Kazi Sanam Salman, Palkar Bhakti, Mishra Dhirendra
Department of Computer Engineering, K. J. Somaiya School of Engineering (KJSSE), Somaiya Vidyavihar University, Mumbai, Maharashtra 400077, India.
Department of Engineering and Technology, Bharati Vidyapeeth Deemed to be University, Kharghar, Navi Mumbai, Maharashtra 410210, India.
MethodsX. 2025 Aug 5;15:103551. doi: 10.1016/j.mex.2025.103551. eCollection 2025 Dec.
Convolution Neural Networks (CNN) are best in their ability to detect rice diseases but still face challenges in generalizing equally well for all classes of disease in multiclass classification. Detecting rice crop disease like sheath rot is still challenging due to unavailability of dataset and intraclass variations in symptoms. Transfer learning models take more resources for execution due to its deep architecture. To conquer these challenges, VCNet, an optimized, novel and efficient multiclass rice crop disease detection framework is proposed. The study focuses on developing a shallow model with deep feature extraction to bring down the computational load with reduced time for training without compromising on any performance parameters. Further the model goes through two level optimization process where optimal hyperparameters identified through experimentation is given as parameters to genetic algorithm for optimization of VCNet during training. Novel dataset containing field images is generated with the help of plant pathologist to improve model capability to identify diseases. Rigorous empirical comparison and evaluation with state-of-the-art models for each class of disease is done to validate proposed technique. VCNet outperforms the existing transfer learning models with training accuracy 99.72 % and testing accuracy 97.71 %. It also requires fewer parameters and takes minimum training time.•The major contribution of this study is the design of an optimized, efficient and enhanced deep learning technique for multiclass rice crop disease detection embracing with batch normalization, dropout and genetic optimization algorithm to improve generalization power and restrict the overlearning capability for seen and unseen data.•Proposed VCNet, a shallow model with deep feature extraction, employs VGG16 layers for initial extraction fused with custom CNN architecture to correctly detect the challenging classes of diseases like sheath rot in multiclass classification.•The most significant observation is that VCNet accurately predicts the rice disease for each class of diseases under study whereas the existing powerful models largely misclassified for some classes of diseases in multiclass classification.

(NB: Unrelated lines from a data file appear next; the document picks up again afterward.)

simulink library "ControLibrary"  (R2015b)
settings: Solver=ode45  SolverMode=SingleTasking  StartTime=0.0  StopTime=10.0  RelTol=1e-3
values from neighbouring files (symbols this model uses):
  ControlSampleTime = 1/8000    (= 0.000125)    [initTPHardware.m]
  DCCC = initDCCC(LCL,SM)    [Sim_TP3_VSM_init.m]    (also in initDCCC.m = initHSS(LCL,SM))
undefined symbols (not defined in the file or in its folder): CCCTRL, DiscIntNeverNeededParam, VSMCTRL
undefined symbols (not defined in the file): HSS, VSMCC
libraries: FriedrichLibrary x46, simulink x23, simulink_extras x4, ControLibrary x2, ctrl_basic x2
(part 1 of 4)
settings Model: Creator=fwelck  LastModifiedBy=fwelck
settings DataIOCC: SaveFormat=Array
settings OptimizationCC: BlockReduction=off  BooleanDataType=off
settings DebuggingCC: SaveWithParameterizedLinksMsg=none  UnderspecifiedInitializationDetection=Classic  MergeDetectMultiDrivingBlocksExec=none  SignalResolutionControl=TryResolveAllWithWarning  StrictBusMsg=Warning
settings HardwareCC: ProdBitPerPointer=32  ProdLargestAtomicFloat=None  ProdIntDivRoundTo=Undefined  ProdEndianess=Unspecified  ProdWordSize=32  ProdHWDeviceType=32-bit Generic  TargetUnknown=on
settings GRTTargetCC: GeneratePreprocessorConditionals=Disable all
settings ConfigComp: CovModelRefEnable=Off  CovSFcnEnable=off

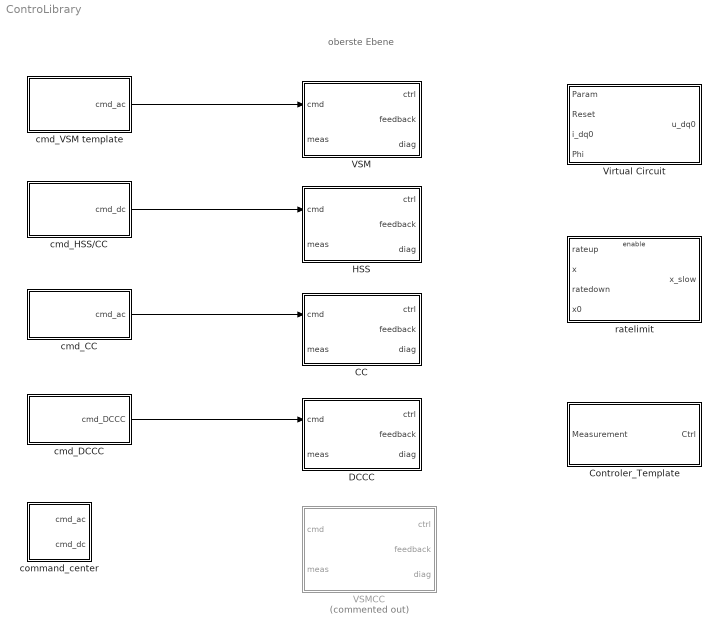
== system ControLibrary ==
  note: oberste Ebene
  CC : Subsystem  InitFcn=createTriphaseBus  mask{Ctrl=CCCTRL, pu=CCCTRL.PU, DoN=off}
      mask prompts: Ctrl "Param Struct"; pu "PU-System"; DoN "N Leiter Schalten (4 Phasen)"
      mask init:
      | if DoN
      |     NrChannels=4;
      | else
      |     NrChannels=3;
      | end
  Controler_Template : Subsystem
  DCCC : Subsystem  InitFcn=createTriphaseBus  mask{Ctrl=DCCC, PU=DCCC.PU}
      mask prompts: Ctrl "ParamStruct"; PU "PU-System"
      mask init:
      | NrChannels = 3;
  HSS : Subsystem  InitFcn=createTriphaseBus  mask{Ctrl=HSS, PU=VSMCTRL.PU}
      mask prompts: Ctrl "ParamStruct"; PU "PU-System"
  VSM : Subsystem  ClipboardFcn=createTriphaseBus  mask{Ctrl=VSMCTRL, pu=VSMCTRL.PU, DoN=off}
      mask prompts: Ctrl "ParamStruct"; pu "PU-System"; DoN "N Leiter Schalten (4 Phasen)"
      mask init:
      | if DoN
      |     NrChannels=4;
      | else
      |     NrChannels=3;
      | end
  VSMCC : Subsystem  Commented=on  mask{Ctrl=VSMCC, DoN=off}
      mask prompts: Ctrl "ParamStruct"; DoN "N Leiter Schalten (4 Phasen)"
      mask init:
      | if DoN
      |     NrChannels=4;
      | else
      |     NrChannels=3;
      | end
  Virtual Circuit : Subsystem
  cmd_CC : Subsystem
  cmd_DCCC : Subsystem
  cmd_HSS/CC : Subsystem
  cmd_VSM template : Subsystem
  command_center : Subsystem
  ratelimit : Subsystem  mask{Ts=ControlSampleTime}
      mask DialogControl ParameterGroupVar Prompt: Rate Limiter
  wires:
  cmd_VSM template/1(cmd_ac) -> VSM/1(cmd)
  cmd_HSS/CC/1(cmd_dc) -> HSS/1(cmd)
  cmd_CC/1(cmd_ac) -> CC/1(cmd)
  cmd_DCCC/1(cmd_DCCC) -> DCCC/1(cmd)

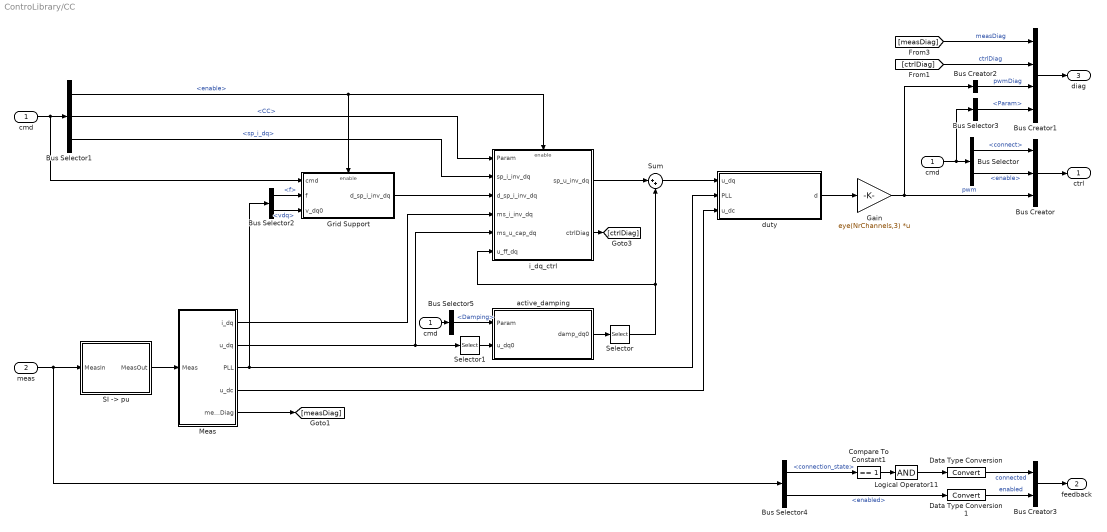
== system ControLibrary/CC ==
  cmd : Inport
  meas : Inport  Port=2
  "  cmd  " : InportShadow
  Bus Creator : BusCreator  Inputs=3
  Bus Creator1 : BusCreator  Inputs=4
  Bus Creator2 : BusCreator  Inputs=1
  Bus Selector : BusSelector  OutputSignals=Manage.connect,Manage.enable
  Bus Selector1 : BusSelector  OutputSignals=Manage.enable,Param.CC,sp_i_dq
  Bus Selector2 : BusSelector  OutputSignals=f,vdq
  Bus Selector3 : BusSelector  OutputSignals=Param
  Bus Selector4 : BusSelector  OutputSignals=connection_state,enabled
  Bus Selector5 : BusSelector  OutputSignals=Damping
  Bus Creator3 : BusCreator  Inputs=2  OutDataTypeStr=Bus: FeedbackACBus
  Compare To Constant1 : simulink/Logic and Bit Operations/Compare To Constant  relop===  const=1  OutDataTypeStr=boolean
  Data Type Conversion : DataTypeConversion
  Data Type Conversion1 : DataTypeConversion
  Gain : Gain  Gain=eye(NrChannels,3)  Multiplication=Matrix(K*u)
  Grid Support : Subsystem  mask{Omegab=pu.omegab, tauhf=1e-3}
      mask DialogControl dfdtRegler Prompt: df/dt Regler
  Logical Operator11 : Logic  Inputs=1  AllPortsSameDT=off  OutDataTypeStr=boolean
  Meas : Subsystem  mask{PLL=Ctrl.PLL}
      mask prompts: PLL "PLL Parameter"
  "SI -> pu" : Subsystem  mask{PU=pu}
      mask prompts: PU "PU System"
      mask DialogControl ParameterGroupVar Prompt: Per Unit
  Selector : Selector  InputPortWidth=3  IndexOptions=Index vector (dialog)  Indices=[1 2]  OutputSizes=1
  Selector1 : Selector  InputPortWidth=2  IndexOptions=Index vector (dialog)  Indices=[1 2 2]  OutputSizes=1
  Sum : Sum  Inputs=|++
  active_damping : Subsystem
  "cmd " : InportShadow
  duty : Subsystem
  i_dq_ctrl : Subsystem
  ctrl : Outport
  feedback : Outport  Port=2
  diag : Outport  Port=3
  wires:
  Selector1/1 -> active_damping/2(u_dq0)
  Selector/1 -> Sum/2, i_dq_ctrl/6(u_ff_dq)
  Bus Selector5/1 -> active_damping/1(Param)  "<Damping>"
  "  cmd  "/1 -> Bus Selector5/1
  Sum/1 -> duty/1(u_dq)
  i_dq_ctrl/1(sp_u_inv_dq) -> Sum/1
  Bus Selector1/2 -> i_dq_ctrl/1(Param)  "<CC>"
  Logical Operator11/1 -> Data Type Conversion/1
  Bus Selector4/1 -> Compare To Constant1/1  "<connection_state>"
  Compare To Constant1/1 -> Logical Operator11/1
  Bus Selector4/2 -> Data Type Conversion1/1  "<enabled>"
  Data Type Conversion1/1 -> Bus Creator3/2  "enabled"
  Bus Creator3/1 -> feedback/1
  Data Type Conversion/1 -> Bus Creator3/1  "connected"
  Bus Creator2/1 -> Bus Creator1/3  "pwmDiag"
  Bus Selector3/1 -> Bus Creator1/4  "<Param>"
  cmd/1 -> Bus Selector/1, Bus Selector3/1
  Grid Support/1(d_sp_i_inv_dq) -> i_dq_ctrl/3(d_sp_i_inv_dq)
  Bus Selector1/3 -> i_dq_ctrl/2(sp_i_inv_dq)  "<sp_i_dq>"
  Bus Selector1/1 -> Grid Support/Enable, i_dq_ctrl/Enable  "<enable>"
  "cmd "/1 -> Grid Support/1(cmd), Bus Selector1/1
  Bus Selector2/1 -> Grid Support/2(f)  "<f>"
  active_damping/1(damp_dq0) -> Selector/1
  Bus Creator1/1 -> diag/1
  [ctrlDiag] -> Bus Creator1/2  "ctrlDiag"
  [measDiag] -> Bus Creator1/1  "measDiag"
  Meas/5(measDiag) -> [measDiag]
  i_dq_ctrl/2(ctrlDiag) -> [ctrlDiag]
  duty/1(d) -> Gain/1
  Meas/4(u_dc) -> duty/3(u_dc)
  Meas/3(PLL) -> duty/2(PLL), Bus Selector2/1
  Meas/2(u_dq) -> i_dq_ctrl/5(ms_u_cap_dq), Selector1/1
  Gain/1 -> Bus Creator/3, Bus Creator2/1  "pwm"
  Meas/1(i_dq) -> i_dq_ctrl/4(ms_i_inv_dq)
  Bus Selector/2 -> Bus Creator/2  "<enable>"
  Bus Creator/1 -> ctrl/1
  Bus Selector/1 -> Bus Creator/1  "<connect>"
  meas/1 -> Bus Selector4/1, "SI -> pu"/1(MeasIn)
  "SI -> pu"/1(MeasOut) -> Meas/1(Meas)
  Bus Selector2/2 -> Grid Support/3(v_dq0)  "<vdq>"

== system ControLibrary/Controler_Template ==
  Measurement : Inport
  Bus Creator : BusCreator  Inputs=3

卷积神经网络(CNN)在检测水稻病害方面能力卓越,但在多类分类中对所有病害类别进行同等良好的泛化仍面临挑战。由于缺乏数据集以及症状的类内变化,检测诸如鞘腐病等水稻作物病害仍然具有挑战性。迁移学习模型因其深度架构而需要更多资源来执行。为了克服这些挑战,提出了VCNet,这是一个优化、新颖且高效的多类水稻作物病害检测框架。该研究专注于开发一种具有深度特征提取的浅层模型,以降低计算负载并减少训练时间,同时不影响任何性能参数。此外,该模型经过两级优化过程,通过实验确定的最优超参数作为参数输入遗传算法,在训练期间对VCNet进行优化。在植物病理学家的帮助下生成了包含田间图像的新数据集,以提高模型识别病害的能力。针对每种病害类别,与现有先进模型进行了严格的实证比较和评估,以验证所提出的技术。VCNet的训练准确率为99.72%,测试准确率为97.71%,优于现有的迁移学习模型。它还需要更少的参数,并花费最少的训练时间。
•本研究的主要贡献在于设计了一种优化、高效且增强的深度学习技术,用于多类水稻作物病害检测,该技术采用批量归一化、随机失活和遗传优化算法,以提高泛化能力,并限制对可见和不可见数据的过学习能力。
•所提出的VCNet是一个具有深度特征提取的浅层模型,采用VGG16层进行初始提取,并与自定义CNN架构融合,以在多类分类中正确检测诸如鞘腐病等具有挑战性的病害类别。
•最显著的观察结果是,VCNet能够准确预测所研究的每种病害类别的水稻病害,而现有的强大模型在多类分类中对某些病害类别存在大量误分类。